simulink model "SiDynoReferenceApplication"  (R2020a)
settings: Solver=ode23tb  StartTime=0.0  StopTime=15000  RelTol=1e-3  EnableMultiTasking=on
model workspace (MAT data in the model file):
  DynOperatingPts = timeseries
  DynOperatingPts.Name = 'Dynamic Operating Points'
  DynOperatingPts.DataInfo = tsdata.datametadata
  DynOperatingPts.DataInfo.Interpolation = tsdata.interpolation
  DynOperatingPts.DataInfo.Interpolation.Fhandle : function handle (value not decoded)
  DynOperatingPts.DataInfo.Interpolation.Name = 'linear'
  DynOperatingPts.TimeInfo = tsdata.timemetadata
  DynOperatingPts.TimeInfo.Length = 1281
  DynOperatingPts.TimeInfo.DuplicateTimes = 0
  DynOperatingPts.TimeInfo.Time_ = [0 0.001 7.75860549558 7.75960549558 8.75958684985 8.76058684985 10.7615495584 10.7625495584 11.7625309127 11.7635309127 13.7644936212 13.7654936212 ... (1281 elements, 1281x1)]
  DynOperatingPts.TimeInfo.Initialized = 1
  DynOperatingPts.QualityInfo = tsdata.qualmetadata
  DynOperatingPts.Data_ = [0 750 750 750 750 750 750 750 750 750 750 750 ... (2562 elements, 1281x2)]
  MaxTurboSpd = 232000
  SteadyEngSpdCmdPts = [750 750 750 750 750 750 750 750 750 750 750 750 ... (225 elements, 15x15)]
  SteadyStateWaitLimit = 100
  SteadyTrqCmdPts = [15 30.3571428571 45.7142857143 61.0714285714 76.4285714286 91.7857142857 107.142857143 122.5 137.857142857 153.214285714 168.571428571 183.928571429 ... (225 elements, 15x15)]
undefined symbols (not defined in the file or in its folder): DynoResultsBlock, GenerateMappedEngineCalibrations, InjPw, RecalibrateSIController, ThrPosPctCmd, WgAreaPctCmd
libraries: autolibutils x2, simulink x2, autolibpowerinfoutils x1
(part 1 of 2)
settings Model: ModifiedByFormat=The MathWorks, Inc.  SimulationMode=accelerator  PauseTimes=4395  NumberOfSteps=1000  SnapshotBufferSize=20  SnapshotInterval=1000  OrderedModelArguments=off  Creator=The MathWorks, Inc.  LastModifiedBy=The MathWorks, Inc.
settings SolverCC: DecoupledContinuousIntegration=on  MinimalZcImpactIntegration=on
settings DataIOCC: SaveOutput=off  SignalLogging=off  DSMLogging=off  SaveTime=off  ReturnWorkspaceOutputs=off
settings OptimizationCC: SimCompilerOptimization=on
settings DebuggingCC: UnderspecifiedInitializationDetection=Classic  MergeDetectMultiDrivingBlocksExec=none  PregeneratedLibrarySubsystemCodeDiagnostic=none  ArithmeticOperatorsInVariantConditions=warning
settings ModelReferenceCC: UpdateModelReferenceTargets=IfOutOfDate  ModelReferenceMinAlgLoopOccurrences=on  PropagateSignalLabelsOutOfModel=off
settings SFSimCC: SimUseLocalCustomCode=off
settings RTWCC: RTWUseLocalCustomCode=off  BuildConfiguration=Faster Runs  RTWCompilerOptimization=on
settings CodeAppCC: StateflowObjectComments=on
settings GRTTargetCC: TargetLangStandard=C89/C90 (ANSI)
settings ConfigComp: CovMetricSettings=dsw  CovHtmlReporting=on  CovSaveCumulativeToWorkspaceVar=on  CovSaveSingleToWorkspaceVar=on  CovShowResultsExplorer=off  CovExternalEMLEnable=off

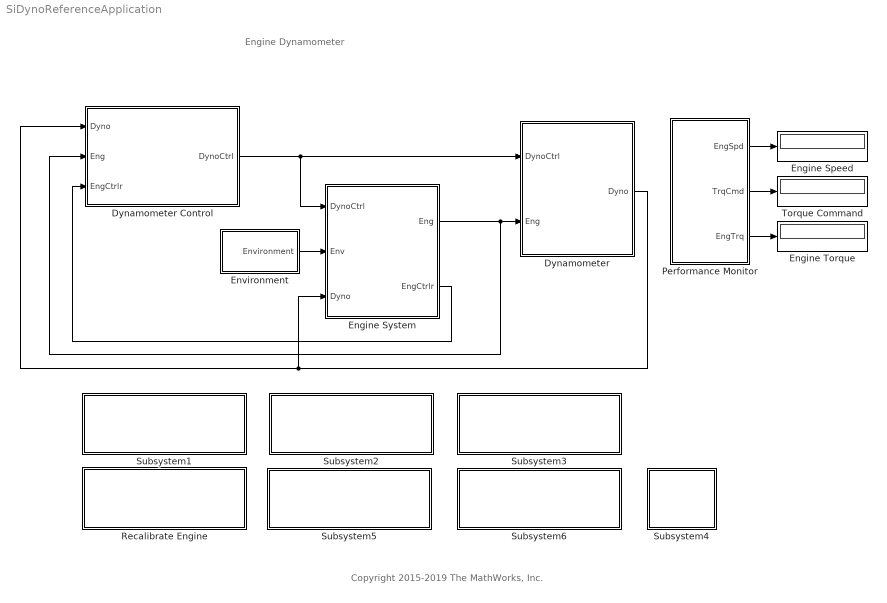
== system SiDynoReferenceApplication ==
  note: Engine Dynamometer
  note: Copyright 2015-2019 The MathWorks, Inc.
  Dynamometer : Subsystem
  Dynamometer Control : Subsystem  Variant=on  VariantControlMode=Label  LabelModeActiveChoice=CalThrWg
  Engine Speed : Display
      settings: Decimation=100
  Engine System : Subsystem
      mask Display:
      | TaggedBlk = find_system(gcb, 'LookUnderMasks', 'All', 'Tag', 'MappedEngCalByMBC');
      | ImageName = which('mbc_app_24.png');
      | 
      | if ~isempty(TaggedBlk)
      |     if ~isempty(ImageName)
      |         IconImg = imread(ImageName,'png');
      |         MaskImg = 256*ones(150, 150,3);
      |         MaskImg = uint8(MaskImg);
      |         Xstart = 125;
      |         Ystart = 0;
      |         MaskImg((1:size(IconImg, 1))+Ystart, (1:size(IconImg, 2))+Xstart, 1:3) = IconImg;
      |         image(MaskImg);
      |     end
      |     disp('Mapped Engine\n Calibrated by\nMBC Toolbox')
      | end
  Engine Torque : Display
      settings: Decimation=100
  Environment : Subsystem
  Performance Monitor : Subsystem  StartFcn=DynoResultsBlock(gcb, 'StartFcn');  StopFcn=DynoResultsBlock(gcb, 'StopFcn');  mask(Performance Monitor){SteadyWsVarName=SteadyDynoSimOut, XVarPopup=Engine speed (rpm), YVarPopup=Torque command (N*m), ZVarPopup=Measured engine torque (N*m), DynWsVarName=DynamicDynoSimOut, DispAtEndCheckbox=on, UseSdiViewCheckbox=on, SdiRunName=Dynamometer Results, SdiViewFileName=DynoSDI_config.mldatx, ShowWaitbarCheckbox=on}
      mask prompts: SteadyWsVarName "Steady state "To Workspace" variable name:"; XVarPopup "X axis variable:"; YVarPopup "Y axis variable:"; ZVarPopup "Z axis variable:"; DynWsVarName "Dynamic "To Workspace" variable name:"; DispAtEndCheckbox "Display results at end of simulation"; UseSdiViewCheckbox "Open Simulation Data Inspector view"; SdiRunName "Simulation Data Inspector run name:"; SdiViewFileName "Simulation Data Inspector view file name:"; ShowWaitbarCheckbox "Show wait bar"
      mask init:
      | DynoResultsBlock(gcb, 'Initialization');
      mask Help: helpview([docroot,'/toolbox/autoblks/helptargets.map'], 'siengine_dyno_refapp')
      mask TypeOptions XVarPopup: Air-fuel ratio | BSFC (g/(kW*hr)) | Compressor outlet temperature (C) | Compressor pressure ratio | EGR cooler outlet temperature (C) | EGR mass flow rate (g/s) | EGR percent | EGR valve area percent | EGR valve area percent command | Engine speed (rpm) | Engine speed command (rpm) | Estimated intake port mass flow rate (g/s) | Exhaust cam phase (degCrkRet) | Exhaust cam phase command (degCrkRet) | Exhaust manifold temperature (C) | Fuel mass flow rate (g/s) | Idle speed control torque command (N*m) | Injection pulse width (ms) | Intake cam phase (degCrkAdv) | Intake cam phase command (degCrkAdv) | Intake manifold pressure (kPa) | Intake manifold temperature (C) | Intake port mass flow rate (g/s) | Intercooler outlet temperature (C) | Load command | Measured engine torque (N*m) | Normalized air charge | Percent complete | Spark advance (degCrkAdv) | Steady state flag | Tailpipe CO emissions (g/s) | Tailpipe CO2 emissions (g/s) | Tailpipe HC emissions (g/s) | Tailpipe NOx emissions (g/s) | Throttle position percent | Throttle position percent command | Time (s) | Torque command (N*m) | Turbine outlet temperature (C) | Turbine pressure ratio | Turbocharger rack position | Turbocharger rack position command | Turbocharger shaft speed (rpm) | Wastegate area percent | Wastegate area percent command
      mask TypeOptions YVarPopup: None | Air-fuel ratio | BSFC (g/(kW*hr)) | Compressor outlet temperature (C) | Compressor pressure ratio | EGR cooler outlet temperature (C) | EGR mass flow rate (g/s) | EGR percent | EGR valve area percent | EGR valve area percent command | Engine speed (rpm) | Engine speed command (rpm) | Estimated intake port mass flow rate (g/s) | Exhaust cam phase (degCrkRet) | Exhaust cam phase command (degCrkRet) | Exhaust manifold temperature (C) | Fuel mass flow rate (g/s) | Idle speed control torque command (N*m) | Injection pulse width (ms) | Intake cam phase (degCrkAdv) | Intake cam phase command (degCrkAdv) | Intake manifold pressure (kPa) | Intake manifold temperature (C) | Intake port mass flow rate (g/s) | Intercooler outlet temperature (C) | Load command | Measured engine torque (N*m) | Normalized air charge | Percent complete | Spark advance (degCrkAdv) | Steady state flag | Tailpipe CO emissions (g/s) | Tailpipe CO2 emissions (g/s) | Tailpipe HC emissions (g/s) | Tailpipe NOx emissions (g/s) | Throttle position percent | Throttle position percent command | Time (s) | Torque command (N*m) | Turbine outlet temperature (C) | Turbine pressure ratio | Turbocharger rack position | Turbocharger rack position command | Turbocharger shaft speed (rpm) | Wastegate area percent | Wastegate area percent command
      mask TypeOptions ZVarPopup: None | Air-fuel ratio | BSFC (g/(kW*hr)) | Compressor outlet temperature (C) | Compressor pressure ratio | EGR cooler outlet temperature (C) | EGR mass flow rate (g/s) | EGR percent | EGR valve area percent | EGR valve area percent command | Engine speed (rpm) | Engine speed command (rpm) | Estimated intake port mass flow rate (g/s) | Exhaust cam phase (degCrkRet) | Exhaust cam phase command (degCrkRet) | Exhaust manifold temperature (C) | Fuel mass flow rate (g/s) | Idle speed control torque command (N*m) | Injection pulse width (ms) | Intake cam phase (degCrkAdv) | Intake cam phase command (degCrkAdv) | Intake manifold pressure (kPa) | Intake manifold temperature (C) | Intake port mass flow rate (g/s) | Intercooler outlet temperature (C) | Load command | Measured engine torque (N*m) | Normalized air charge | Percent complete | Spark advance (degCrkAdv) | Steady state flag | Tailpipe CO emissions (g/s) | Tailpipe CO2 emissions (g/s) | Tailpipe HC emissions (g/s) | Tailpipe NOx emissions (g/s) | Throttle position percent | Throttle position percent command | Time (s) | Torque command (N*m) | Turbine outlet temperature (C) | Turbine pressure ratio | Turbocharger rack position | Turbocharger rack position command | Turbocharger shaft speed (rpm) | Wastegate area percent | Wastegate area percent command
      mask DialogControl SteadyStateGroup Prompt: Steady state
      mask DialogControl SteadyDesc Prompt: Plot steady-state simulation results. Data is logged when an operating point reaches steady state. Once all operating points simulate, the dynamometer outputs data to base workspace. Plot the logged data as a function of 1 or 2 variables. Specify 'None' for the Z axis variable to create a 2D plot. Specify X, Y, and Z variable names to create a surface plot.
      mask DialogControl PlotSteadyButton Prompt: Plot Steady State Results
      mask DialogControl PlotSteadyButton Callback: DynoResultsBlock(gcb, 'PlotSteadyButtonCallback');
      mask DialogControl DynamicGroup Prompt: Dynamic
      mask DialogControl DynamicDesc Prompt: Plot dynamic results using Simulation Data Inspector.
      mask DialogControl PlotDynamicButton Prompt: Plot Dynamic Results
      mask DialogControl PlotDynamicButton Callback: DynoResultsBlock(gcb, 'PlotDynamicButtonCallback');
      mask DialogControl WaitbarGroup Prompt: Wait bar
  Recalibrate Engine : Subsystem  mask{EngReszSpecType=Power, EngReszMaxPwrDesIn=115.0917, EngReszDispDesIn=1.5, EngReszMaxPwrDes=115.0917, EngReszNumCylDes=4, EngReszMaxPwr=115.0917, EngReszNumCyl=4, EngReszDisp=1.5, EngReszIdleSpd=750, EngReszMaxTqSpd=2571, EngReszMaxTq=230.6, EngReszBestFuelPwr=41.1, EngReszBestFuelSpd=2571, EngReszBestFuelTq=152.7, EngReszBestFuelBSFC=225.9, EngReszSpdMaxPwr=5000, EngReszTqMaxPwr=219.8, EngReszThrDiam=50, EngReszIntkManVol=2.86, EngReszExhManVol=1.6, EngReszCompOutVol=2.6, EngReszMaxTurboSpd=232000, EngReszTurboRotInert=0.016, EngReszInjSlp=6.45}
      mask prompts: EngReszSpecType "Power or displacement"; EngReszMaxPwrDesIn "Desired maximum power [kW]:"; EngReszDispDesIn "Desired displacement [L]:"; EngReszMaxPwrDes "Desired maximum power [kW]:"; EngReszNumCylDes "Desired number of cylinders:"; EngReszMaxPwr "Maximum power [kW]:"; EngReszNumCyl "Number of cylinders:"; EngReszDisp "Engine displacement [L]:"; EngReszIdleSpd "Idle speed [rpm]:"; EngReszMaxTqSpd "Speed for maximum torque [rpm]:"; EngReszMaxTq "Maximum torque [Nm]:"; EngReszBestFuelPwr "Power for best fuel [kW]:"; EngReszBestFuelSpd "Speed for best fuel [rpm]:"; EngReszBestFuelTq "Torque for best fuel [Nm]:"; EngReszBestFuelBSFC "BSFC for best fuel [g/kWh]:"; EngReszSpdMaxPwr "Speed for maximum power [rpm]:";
━━━━━━━━━━━━━━━━━━━━━━━━━━━━━━
The lines of the data, from the first through the one containing "DynOperatingPts.TimeInfo.DuplicateTimes = 0", are to be transcribed exactly.

simulink model "SiDynoReferenceApplication"  (R2020a)
settings: Solver=ode23tb  StartTime=0.0  StopTime=15000  RelTol=1e-3  EnableMultiTasking=on
model workspace (MAT data in the model file):
  DynOperatingPts = timeseries
  DynOperatingPts.Name = 'Dynamic Operating Points'
  DynOperatingPts.DataInfo = tsdata.datametadata
  DynOperatingPts.DataInfo.Interpolation = tsdata.interpolation
  DynOperatingPts.DataInfo.Interpolation.Fhandle : function handle (value not decoded)
  DynOperatingPts.DataInfo.Interpolation.Name = 'linear'
  DynOperatingPts.TimeInfo = tsdata.timemetadata
  DynOperatingPts.TimeInfo.Length = 1281
  DynOperatingPts.TimeInfo.DuplicateTimes = 0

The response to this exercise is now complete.